US SEC mulls plans to safeguard naked market access

January 12, 2010

By Rachelle Younglai

WASHINGTON, Jan 12 (Reuters) – U.S. securities regulators are mulling a proposal that would require more supervision of unlicensed traders who gain unfettered access to public markets, two people familiar with the plan said on Tuesday.

Regulators are considering a proposal that would require brokerages that rent out their access to the markets to have rules in place to protect the markets against potential mishaps from unlicensed traders, the two people said.

The practice known as “naked” access or “sponsored” access, is when brokerages that have been approved to trade on an exchange rent their access to traders who are then able to shave milliseconds from the time it takes to access the markets.

It has some lawmakers and U.S. Securities and Exchange Commission officials concerned. SEC Chairman Mary Schapiro has likened it to “giving your car keys to a friend who doesn’t have a license and letting him drive unaccompanied.”

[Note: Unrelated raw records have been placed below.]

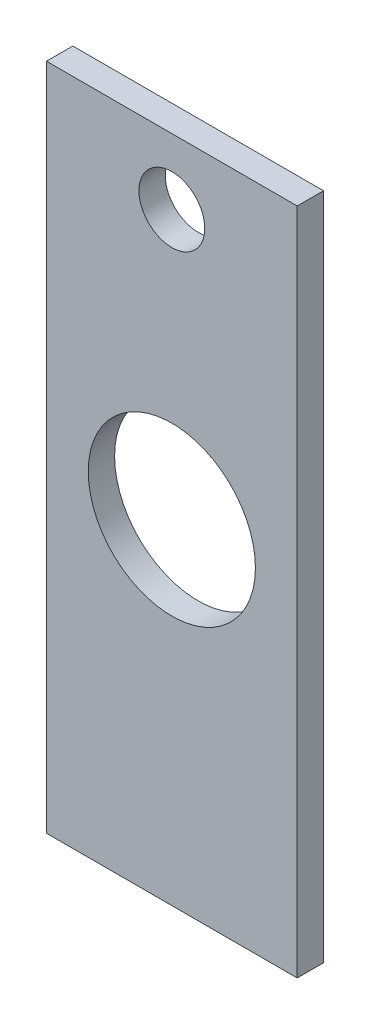
ISO-10303-21;
HEADER;
FILE_DESCRIPTION(('STEP AP214'),'2;1');
FILE_NAME('part.step','',(''),(''),'','','');
FILE_SCHEMA(('AUTOMOTIVE_DESIGN { 1 0 10303 214 1 1 1 1 }'));
ENDSEC;
DATA;
#1=APPLICATION_CONTEXT('core data for automotive mechanical design processes');
#2=APPLICATION_PROTOCOL_DEFINITION('international standard','automotive_design',2000,#1);
#3=PRODUCT_CONTEXT('',#1,'mechanical');
#4=PRODUCT('Part','Part','',(#3));
#5=PRODUCT_RELATED_PRODUCT_CATEGORY('part','',(#4));
#6=PRODUCT_DEFINITION_FORMATION('','',#4);
#7=PRODUCT_DEFINITION_CONTEXT('part definition',#1,'design');
#8=PRODUCT_DEFINITION('design','',#6,#7);
#9=PRODUCT_DEFINITION_SHAPE('','',#8);
#10=(LENGTH_UNIT() NAMED_UNIT(*) SI_UNIT(.MILLI.,.METRE.));
#11=(NAMED_UNIT(*) PLANE_ANGLE_UNIT() SI_UNIT($,.RADIAN.));
#12=(NAMED_UNIT(*) SI_UNIT($,.STERADIAN.) SOLID_ANGLE_UNIT());
#13=UNCERTAINTY_MEASURE_WITH_UNIT(LENGTH_MEASURE(1.E-05),#10,'distance_accuracy_value','');
#14=(GEOMETRIC_REPRESENTATION_CONTEXT(3) GLOBAL_UNCERTAINTY_ASSIGNED_CONTEXT((#13)) GLOBAL_UNIT_ASSIGNED_CONTEXT((#10,
#11,#12)) REPRESENTATION_CONTEXT('',''));
#15=CARTESIAN_POINT('',(0.,0.,0.));
#16=DIRECTION('',(0.,0.,1.));
#17=DIRECTION('',(1.,0.,0.));
#18=AXIS2_PLACEMENT_3D('',#15,#16,#17);
#19=CARTESIAN_POINT('',(0.,0.,2.));
#20=DIRECTION('',(0.,0.,1.));
#21=DIRECTION('',(1.,0.,0.));
#22=AXIS2_PLACEMENT_3D('',#19,#20,#21);
#23=PLANE('',#22);
#24=CARTESIAN_POINT('',(0.,20.4,2.));
#25=DIRECTION('',(0.,0.,1.));
#26=DIRECTION('',(1.,0.,0.));
#27=AXIS2_PLACEMENT_3D('',#24,#25,#26);
#28=CIRCLE('',#27,2.5);
#29=CARTESIAN_POINT('',(2.49999999999999,20.4,2.));
#30=VERTEX_POINT('',#29);
#31=EDGE_CURVE('E133',#30,#30,#28,.T.);
#32=ORIENTED_EDGE('',*,*,#31,.F.);
#33=EDGE_LOOP('',(#32));
#34=FACE_BOUND('',#33,.T.);
#35=DIRECTION('',(0.,-1.,0.));
#36=VECTOR('',#35,1.);
#37=CARTESIAN_POINT('',(-9.52500000000001,25.4,2.));
#38=LINE('',#37,#36);
#39=CARTESIAN_POINT('',(-9.52500000000001,25.4,2.));
#40=VERTEX_POINT('',#39);
#41=CARTESIAN_POINT('',(-9.52500000000001,-25.4,2.));
#42=VERTEX_POINT('',#41);
#43=EDGE_CURVE('E89',#40,#42,#38,.T.);
#44=ORIENTED_EDGE('',*,*,#43,.T.);
#45=DIRECTION('',(1.,0.,0.));
#46=VECTOR('',#45,1.);
#47=CARTESIAN_POINT('',(-9.52500000000001,-25.4,2.));
#48=LINE('',#47,#46);
#49=CARTESIAN_POINT('',(9.525,-25.4,2.));
#50=VERTEX_POINT('',#49);
#51=EDGE_CURVE('E84',#42,#50,#48,.T.);
#52=ORIENTED_EDGE('',*,*,#51,.T.);
#53=DIRECTION('',(0.,1.,0.));
#54=VECTOR('',#53,1.);
#55=CARTESIAN_POINT('',(9.525,25.4,2.));
#56=LINE('',#55,#54);
#57=CARTESIAN_POINT('',(9.525,25.4,2.));
#58=VERTEX_POINT('',#57);
#59=EDGE_CURVE('E87',#50,#58,#56,.T.);
#60=ORIENTED_EDGE('',*,*,#59,.T.);
#61=DIRECTION('',(-1.,0.,0.));
#62=VECTOR('',#61,1.);
#63=CARTESIAN_POINT('',(-9.52500000000001,25.4,2.));
#64=LINE('',#63,#62);
#65=EDGE_CURVE('E54',#58,#40,#64,.T.);
#66=ORIENTED_EDGE('',*,*,#65,.T.);
#67=EDGE_LOOP('',(#44,#52,#60,#66));
#68=FACE_BOUND('',#67,.T.);
#69=CARTESIAN_POINT('',(0.,0.,2.));
#70=DIRECTION('',(0.,0.,1.));
#71=DIRECTION('',(1.,0.,0.));
#72=AXIS2_PLACEMENT_3D('',#69,#70,#71);
#73=CIRCLE('',#72,6.35);
#74=CARTESIAN_POINT('',(6.35,0.,2.));
#75=VERTEX_POINT('',#74);
#76=EDGE_CURVE('E109',#75,#75,#73,.T.);
#77=ORIENTED_EDGE('',*,*,#76,.F.);
#78=EDGE_LOOP('',(#77));
#79=FACE_BOUND('',#78,.T.);
#80=ADVANCED_FACE('F36',(#34,#68,#79),#23,.T.);
#81=CARTESIAN_POINT('',(0.,0.,0.));
#82=DIRECTION('',(0.,0.,1.));
#83=DIRECTION('',(1.,0.,0.));
#84=AXIS2_PLACEMENT_3D('',#81,#82,#83);
#85=PLANE('',#84);
#86=CARTESIAN_POINT('',(0.,20.4,0.));
#87=DIRECTION('',(0.,0.,-1.));
#88=DIRECTION('',(-1.,0.,0.));
#89=AXIS2_PLACEMENT_3D('',#86,#87,#88);
#90=CIRCLE('',#89,2.5);
#91=CARTESIAN_POINT('',(-2.5,20.4,0.));
#92=VERTEX_POINT('',#91);
#93=EDGE_CURVE('E139',#92,#92,#90,.T.);
#94=ORIENTED_EDGE('',*,*,#93,.F.);
#95=EDGE_LOOP('',(#94));
#96=FACE_BOUND('',#95,.T.);
#97=DIRECTION('',(0.,-1.,0.));
#98=VECTOR('',#97,1.);
#99=CARTESIAN_POINT('',(-9.52500000000001,25.4,0.));
#100=LINE('',#99,#98);
#101=CARTESIAN_POINT('',(-9.52500000000001,25.4,0.));
#102=VERTEX_POINT('',#101);
#103=CARTESIAN_POINT('',(-9.52500000000001,-25.4,0.));
#104=VERTEX_POINT('',#103);
#105=EDGE_CURVE('E105',#102,#104,#100,.T.);
#106=ORIENTED_EDGE('',*,*,#105,.F.);
#107=DIRECTION('',(-1.,0.,0.));
#108=VECTOR('',#107,1.);
#109=CARTESIAN_POINT('',(-9.52500000000001,25.4,0.));
#110=LINE('',#109,#108);
#111=CARTESIAN_POINT('',(9.525,25.4,0.));
#112=VERTEX_POINT('',#111);
#113=EDGE_CURVE('E77',#112,#102,#110,.T.);
#114=ORIENTED_EDGE('',*,*,#113,.F.);
#115=DIRECTION('',(0.,1.,0.));
#116=VECTOR('',#115,1.);
#117=CARTESIAN_POINT('',(9.525,25.4,0.));
#118=LINE('',#117,#116);
#119=CARTESIAN_POINT('',(9.525,-25.4,0.));
#120=VERTEX_POINT('',#119);
#121=EDGE_CURVE('E71',#120,#112,#118,.T.);
#122=ORIENTED_EDGE('',*,*,#121,.F.);
#123=DIRECTION('',(1.,0.,0.));
#124=VECTOR('',#123,1.);
#125=CARTESIAN_POINT('',(-9.52500000000001,-25.4,0.));
#126=LINE('',#125,#124);
#127=EDGE_CURVE('E94',#104,#120,#126,.T.);
#128=ORIENTED_EDGE('',*,*,#127,.F.);
#129=EDGE_LOOP('',(#106,#114,#122,#128));
#130=FACE_BOUND('',#129,.T.);
#131=CARTESIAN_POINT('',(0.,0.,0.));
#132=DIRECTION('',(0.,0.,1.));
#133=DIRECTION('',(1.,0.,0.));
#134=AXIS2_PLACEMENT_3D('',#131,#132,#133);
#135=CIRCLE('',#134,6.35);
#136=CARTESIAN_POINT('',(6.35,0.,0.));
#137=VERTEX_POINT('',#136);
#138=EDGE_CURVE('E129',#137,#137,#135,.T.);
#139=ORIENTED_EDGE('',*,*,#138,.T.);
#140=EDGE_LOOP('',(#139));
#141=FACE_BOUND('',#140,.T.);
#142=ADVANCED_FACE('F124',(#96,#130,#141),#85,.F.);
#143=CARTESIAN_POINT('',(-9.52500000000001,25.4,2.));
#144=DIRECTION('',(1.,0.,0.));
#145=DIRECTION('',(0.,0.,-1.));
#146=AXIS2_PLACEMENT_3D('',#143,#144,#145);
#147=PLANE('',#146);
#148=ORIENTED_EDGE('',*,*,#105,.T.);
#149=DIRECTION('',(0.,0.,-1.));
#150=VECTOR('',#149,1.);
#151=CARTESIAN_POINT('',(-9.52500000000001,-25.4,2.));
#152=LINE('',#151,#150);
#153=EDGE_CURVE('E11',#42,#104,#152,.T.);
#154=ORIENTED_EDGE('',*,*,#153,.F.);
#155=ORIENTED_EDGE('',*,*,#43,.F.);
#156=DIRECTION('',(0.,0.,-1.));
#157=VECTOR('',#156,1.);
#158=CARTESIAN_POINT('',(-9.52500000000001,25.4,2.));
#159=LINE('',#158,#157);
#160=EDGE_CURVE('E101',#40,#102,#159,.T.);
#161=ORIENTED_EDGE('',*,*,#160,.T.);
#162=EDGE_LOOP('',(#148,#154,#155,#161));
#163=FACE_BOUND('',#162,.T.);
#164=ADVANCED_FACE('F38',(#163),#147,.F.);
#165=CARTESIAN_POINT('',(-9.52500000000001,-25.4,2.));
#166=DIRECTION('',(0.,1.,0.));
#167=DIRECTION('',(0.,0.,1.));
#168=AXIS2_PLACEMENT_3D('',#165,#166,#167);
#169=PLANE('',#168);
#170=ORIENTED_EDGE('',*,*,#127,.T.);
#171=DIRECTION('',(0.,0.,-1.));
#172=VECTOR('',#171,1.);
#173=CARTESIAN_POINT('',(9.525,-25.4,2.));
#174=LINE('',#173,#172);
#175=EDGE_CURVE('E46',#50,#120,#174,.T.);
#176=ORIENTED_EDGE('',*,*,#175,.F.);
#177=ORIENTED_EDGE('',*,*,#51,.F.);
#178=ORIENTED_EDGE('',*,*,#153,.T.);
#179=EDGE_LOOP('',(#170,#176,#177,#178));
#180=FACE_BOUND('',#179,.T.);
#181=ADVANCED_FACE('F93',(#180),#169,.F.);
#182=CARTESIAN_POINT('',(9.525,25.4,2.));
#183=DIRECTION('',(-1.,0.,0.));
#184=DIRECTION('',(0.,0.,1.));
#185=AXIS2_PLACEMENT_3D('',#182,#183,#184);
#186=PLANE('',#185);
#187=ORIENTED_EDGE('',*,*,#121,.T.);
#188=DIRECTION('',(0.,0.,-1.));
#189=VECTOR('',#188,1.);
#190=CARTESIAN_POINT('',(9.525,25.4,2.));
#191=LINE('',#190,#189);
#192=EDGE_CURVE('E96',#58,#112,#191,.T.);
#193=ORIENTED_EDGE('',*,*,#192,.F.);
#194=ORIENTED_EDGE('',*,*,#59,.F.);
#195=ORIENTED_EDGE('',*,*,#175,.T.);
#196=EDGE_LOOP('',(#187,#193,#194,#195));
#197=FACE_BOUND('',#196,.T.);
#198=ADVANCED_FACE('F97',(#197),#186,.F.);
#199=CARTESIAN_POINT('',(-9.52500000000001,25.4,2.));
#200=DIRECTION('',(0.,-1.,0.));
#201=DIRECTION('',(0.,0.,-1.));
#202=AXIS2_PLACEMENT_3D('',#199,#200,#201);
#203=PLANE('',#202);
#204=ORIENTED_EDGE('',*,*,#113,.T.);
#205=ORIENTED_EDGE('',*,*,#160,.F.);
#206=ORIENTED_EDGE('',*,*,#65,.F.);
#207=ORIENTED_EDGE('',*,*,#192,.T.);
#208=EDGE_LOOP('',(#204,#205,#206,#207));
#209=FACE_BOUND('',#208,.T.);
#210=ADVANCED_FACE('F121',(#209),#203,.F.);
#211=CARTESIAN_POINT('',(0.,0.,2.));
#212=DIRECTION('',(0.,0.,-1.));
#213=DIRECTION('',(-1.,0.,0.));
#214=AXIS2_PLACEMENT_3D('',#211,#212,#213);
#215=CYLINDRICAL_SURFACE('',#214,6.35);
#216=ORIENTED_EDGE('',*,*,#76,.T.);
#217=EDGE_LOOP('',(#216));
#218=FACE_BOUND('',#217,.T.);
#219=ORIENTED_EDGE('',*,*,#138,.F.);
#220=EDGE_LOOP('',(#219));
#221=FACE_BOUND('',#220,.T.);
#222=ADVANCED_FACE('F157',(#218,#221),#215,.F.);
#223=CARTESIAN_POINT('',(0.,20.4,0.));
#224=DIRECTION('',(0.,0.,-1.));
#225=DIRECTION('',(-1.,0.,0.));
#226=AXIS2_PLACEMENT_3D('',#223,#224,#225);
#227=CYLINDRICAL_SURFACE('',#226,2.5);
#228=ORIENTED_EDGE('',*,*,#31,.T.);
#229=EDGE_LOOP('',(#228));
#230=FACE_BOUND('',#229,.T.);
#231=ORIENTED_EDGE('',*,*,#93,.T.);
#232=EDGE_LOOP('',(#231));
#233=FACE_BOUND('',#232,.T.);
#234=ADVANCED_FACE('F143',(#230,#233),#227,.F.);
#235=CLOSED_SHELL('',(#80,#142,#164,#181,#198,#210,#222,#234));
#236=MANIFOLD_SOLID_BREP('B2',#235);
#237=ADVANCED_BREP_SHAPE_REPRESENTATION('',(#18,#236),#14);
#238=SHAPE_DEFINITION_REPRESENTATION(#9,#237);
ENDSEC;
END-ISO-10303-21;

The SEC meets on Wednesday to decide on a plan to increase oversight of naked access and figure out whether new rules are needed to curb recent market developments like high-frequency trading.

Naked access is now monitored by a patchwork of rules maintained by the exchanges, brokers, and trading firms.

The proposal would require broker dealers to implement financial risk controls and supervisory controls, said the sources. The sources requested anonymity because the proposal is in flux and has not been made public.

The broker dealers will have to have rules in place to make sure that traders, for example, do not place an erroneous order that could wreak havoc on the exchange, said the sources.

They would also have procedures to ensure that unlicensed traders comply with credit and capital thresholds, one of the sources said. For example, a trader would not be able to make a certain trade unless that trader had enough capital in the bank to execute the trade.